* What you should do
Begin with the first line below and retype each line exactly through the line containing "doc.linetypes.add('DASHED1', pattern=[1.8, 1.2, -0.6])". Any pictures are to be left out.

(Entries taken from a collection)

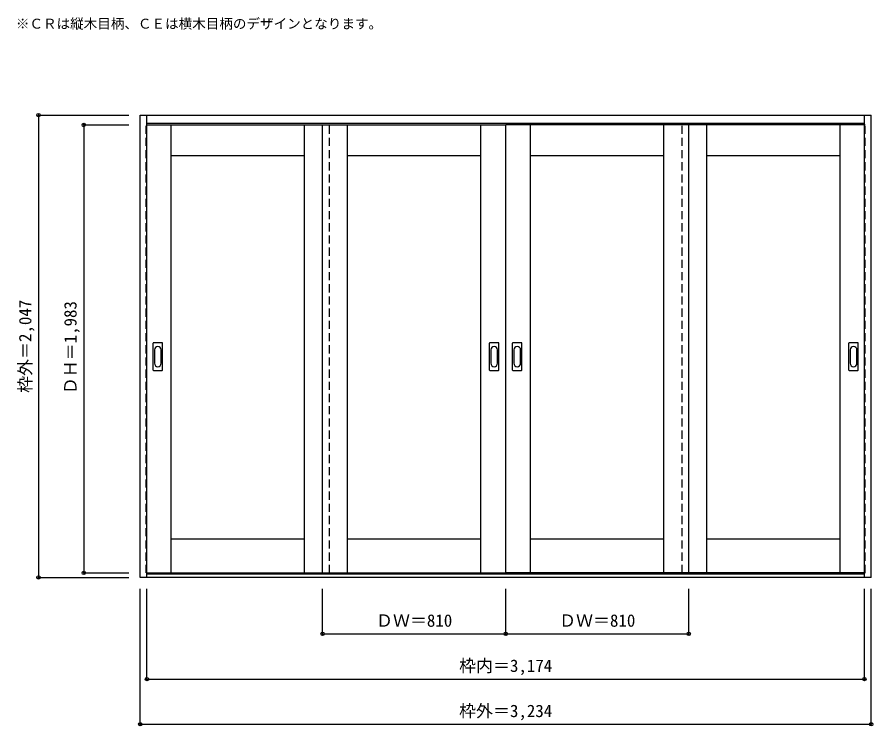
# Model space of a CAD drawing. Units: millimetres, scale not verified. Extents: x -1960 to 1826, y -1431 to 1707.
import ezdxf
from ezdxf.enums import TextEntityAlignment as Align

# ---------------------------------------------------------------- set-up
doc = ezdxf.new("R2010")
doc.units = ezdxf.units.MM
doc.header["$LTSCALE"] = 30
doc.header["$PDMODE"] = 32
doc.header["$PDSIZE"] = 15
doc.linetypes.add('DASHED1', pattern=[1.8, 1.2, -0.6])
for name, color, linetype in [('0-0', 3, 'Continuous'), ('0-1_寸法', 7, 'Continuous'), ('0-2_文字', 7, 'Continuous')]:
    doc.layers.add(name, color=color, linetype=linetype)
doc.styles.add('ＭＳ ゴシック', font='')
doc.styles.get('ＭＳ ゴシック').set_extended_font_data('MS Gothic')

msp = doc.modelspace()

# ---------------------------------------------------------------- linework, layer by layer
at = {"layer": '0-0'}
for p, q in [((-1415.42, 1273.07), (1818.58, 1273.07)), ((-1415.42, -773.93), (-1415.42, 1273.07)), ((-1385.42, -773.93), (-1385.42, 1273.07)), ((1788.58, -773.93), (1788.58, 1273.07)), ((1818.58, -773.93), (1818.58, 1273.07)), ((-1385.42, 1237.07), (1788.58, 1237.07)), ((-1385.42, 1229.07), (201.58, 1229.07)), ((-1278.42, -753.93), (-1278.42, 1229.07)), ((-688.42, -753.93), (-688.42, 1229.07)), ((-608.42, -753.93), (-608.42, 1229.07)), ((-498.42, -753.93), (-498.42, 1229.07)), ((91.58, -753.93), (91.58, 1229.07)), ((201.58, -753.93), (201.58, 1229.07)), ((1788.58, 1229.07), (201.58, 1229.07)), ((311.58, -753.93), (311.58, 1229.07)), ((901.58, -753.93), (901.58, 1229.07)), ((1011.58, -753.93), (1011.58, 1229.07)), ((1091.58, -753.93), (1091.58, 1229.07)), ((1681.58, -753.93), (1681.58, 1229.07)), ((-1278.42, 1094.07), (-688.42, 1094.07)), ((-498.42, 1094.07), (91.58, 1094.07)), ((311.58, 1094.07), (901.58, 1094.07)), ((1091.58, 1094.07), (1681.58, 1094.07)), ((-1358.42, 144.07), (-1358.42, 263.07)), ((-1317.92, 264.57), (-1356.92, 264.57)), ((-1316.42, 144.07), (-1316.42, 263.07)), ((129.58, 144.07), (129.58, 263.07)), ((170.08, 264.57), (131.08, 264.57)), ((171.58, 144.07), (171.58, 263.07)), ((231.58, 144.07), (231.58, 263.07)), ((272.08, 264.57), (233.08, 264.57)), ((273.58, 144.07), (273.58, 263.07)), ((1719.58, 144.07), (1719.58, 263.07)), ((1760.08, 264.57), (1721.08, 264.57)), ((1761.58, 144.07), (1761.58, 263.07)), ((-1356.92, 142.57), (-1317.92, 142.57)), ((131.08, 142.57), (170.08, 142.57)), ((233.08, 142.57), (272.08, 142.57)), ((1721.08, 142.57), (1760.08, 142.57)), ((-1278.42, -603.93), (-688.42, -603.93)), ((-498.42, -603.93), (91.58, -603.93)), ((311.58, -603.93), (901.58, -603.93)), ((1091.58, -603.93), (1681.58, -603.93)), ((-1385.42, -753.93), (201.58, -753.93)), ((1788.58, -753.93), (201.58, -753.93)), ((1818.58, -773.93), (-1415.42, -773.93)), ((1788.58, -758.93), (-1385.42, -758.93))]:
    msp.add_line(p, q, dxfattribs=at)
at = {"layer": '0-0', "color": 4, "linetype": 'DASHED1'}
for p, q in [((-578.42, -753.93), (-578.42, 1229.07)), ((981.58, -753.93), (981.58, 1229.07))]:
    msp.add_line(p, q, dxfattribs=at)
at = {"layer": '0-0', "color": 7}
for p, q in [((-1352.42, 233.17), (-1352.42, 173.97)), ((-1322.42, 173.97), (-1322.42, 233.17)), ((135.58, 233.17), (135.58, 173.97)), ((165.58, 173.97), (165.58, 233.17)), ((237.58, 233.17), (237.58, 173.97)), ((267.58, 173.97), (267.58, 233.17)), ((1725.58, 233.17), (1725.58, 173.97)), ((1755.58, 173.97), (1755.58, 233.17))]:
    msp.add_line(p, q, dxfattribs=at)
at = {"layer": '0-0', "color": 4, "linetype": 'DASHED1'}
for points in [[(-1385.42, -753.93), (-1388.42, -753.93), (-1388.42, 1229.07), (-1385.42, 1229.07)], [(1788.58, -753.93), (1791.58, -753.93), (1791.58, 1229.07), (1788.58, 1229.07)]]:
    msp.add_lwpolyline(points, dxfattribs=at)
at = {"layer": '0-0'}
for centre, start, end in [((-1356.92, 263.07), 90, 180), ((-1317.92, 263.07), 0, 90), ((131.08, 263.07), 90, 180), ((170.08, 263.07), 0, 90), ((233.08, 263.07), 90, 180), ((272.08, 263.07), 0, 90), ((1721.08, 263.07), 90, 180), ((1760.08, 263.07), 0, 90), ((-1356.92, 144.07), 180, 270), ((-1317.92, 144.07), 270, 0), ((131.08, 144.07), 180, 270), ((170.08, 144.07), 270, 0), ((233.08, 144.07), 180, 270), ((272.08, 144.07), 270, 0), ((1721.08, 144.07), 180, 270), ((1760.08, 144.07), 270, 0)]:
    msp.add_arc(centre, 1.5, start, end, dxfattribs=at)
at = {"layer": '0-0', "color": 7}
for centre, start, end in [((-1337.42, 233.17), 0, 180), ((150.58, 233.17), 0, 180), ((252.58, 233.17), 0, 180), ((1740.58, 233.17), 0, 180), ((-1337.42, 173.97), 180, 0), ((150.58, 173.97), 180, 0), ((252.58, 173.97), 180, 0), ((1740.58, 173.97), 180, 0)]:
    msp.add_arc(centre, 15, start, end, dxfattribs=at)
at = {"layer": '0-1_寸法', "color": 4}
for p, q in [((-1865.42, 1273.07), (-1465.42, 1273.07)), ((-1865.42, 1273.07), (-1865.42, -773.93)), ((-1665.42, 1229.07), (-1465.42, 1229.07)), ((-1665.42, 1229.07), (-1665.42, -753.93)), ((-1665.42, -753.93), (-1465.42, -753.93)), ((-1865.42, -773.93), (-1465.42, -773.93)), ((-1415.42, -1423.93), (-1415.42, -823.93)), ((-1385.42, -1223.93), (-1385.42, -823.93)), ((-608.42, -1023.93), (-608.42, -823.93)), ((201.58, -1023.93), (201.58, -823.93)), ((1011.58, -1023.93), (1011.58, -823.93)), ((-608.42, -1023.93), (1011.58, -1023.93))]:
    msp.add_line(p, q, dxfattribs=at)
for points in [[(-1415.42, -1423.93), (1818.58, -1423.93), (1818.58, -823.93)], [(-1385.42, -1223.93), (1788.58, -1223.93), (1788.58, -823.93)]]:
    msp.add_lwpolyline(points, dxfattribs=at)
at = {"layer": '0-1_寸法'}
for p in [(-1865.42, 1273.07), (-1665.42, 1229.07), (-1665.42, -753.93), (-1865.42, -773.93), (-608.42, -1023.93), (201.58, -1023.93), (1011.58, -1023.93), (-1385.42, -1223.93), (1788.58, -1223.93), (-1415.42, -1423.93), (1818.58, -1423.93)]:
    msp.add_point(p, dxfattribs=at)

# ---------------------------------------------------------------- texts
at = {"layer": '0-1_寸法', "style": 'ＭＳ ゴシック'}
for s, p in [('枠外＝2,047', (-1880.42, 43.32)), ('ＤＨ＝1,983', (-1680.42, 37.32))]:
    msp.add_text(s, height=54.99, rotation=90, dxfattribs=at).set_placement(p, align=Align.BOTTOM_LEFT)
for s, p in [('ＤＷ＝810', (-372.17, -1008.93)), ('ＤＷ＝810', (437.83, -1008.93)), ('枠内＝3,174', (-4.67, -1208.93)), ('枠外＝3,234', (-4.67, -1408.93))]:
    msp.add_text(s, height=54.99, dxfattribs=at).set_placement(p, align=Align.BOTTOM_LEFT)
at = {"layer": '0-2_文字', "style": 'ＭＳ ゴシック'}
msp.add_text('※ＣＲは縦木目柄、ＣＥは横木目柄のデザインとなります。', height=43.99, dxfattribs=at).set_placement((-1965.42, 1642.44), align=Align.BOTTOM_LEFT)

doc.saveas('drawing.dxf')

* Solution to this problem
# Model space of a CAD drawing. Units: millimetres, scale not verified. Extents: x -1960 to 1826, y -1431 to 1707.
import ezdxf
from ezdxf.enums import TextEntityAlignment as Align

# ---------------------------------------------------------------- set-up
doc = ezdxf.new("R2010")
doc.units = ezdxf.units.MM
doc.header["$LTSCALE"] = 30
doc.header["$PDMODE"] = 32
doc.header["$PDSIZE"] = 15
doc.linetypes.add('DASHED1', pattern=[1.8, 1.2, -0.6])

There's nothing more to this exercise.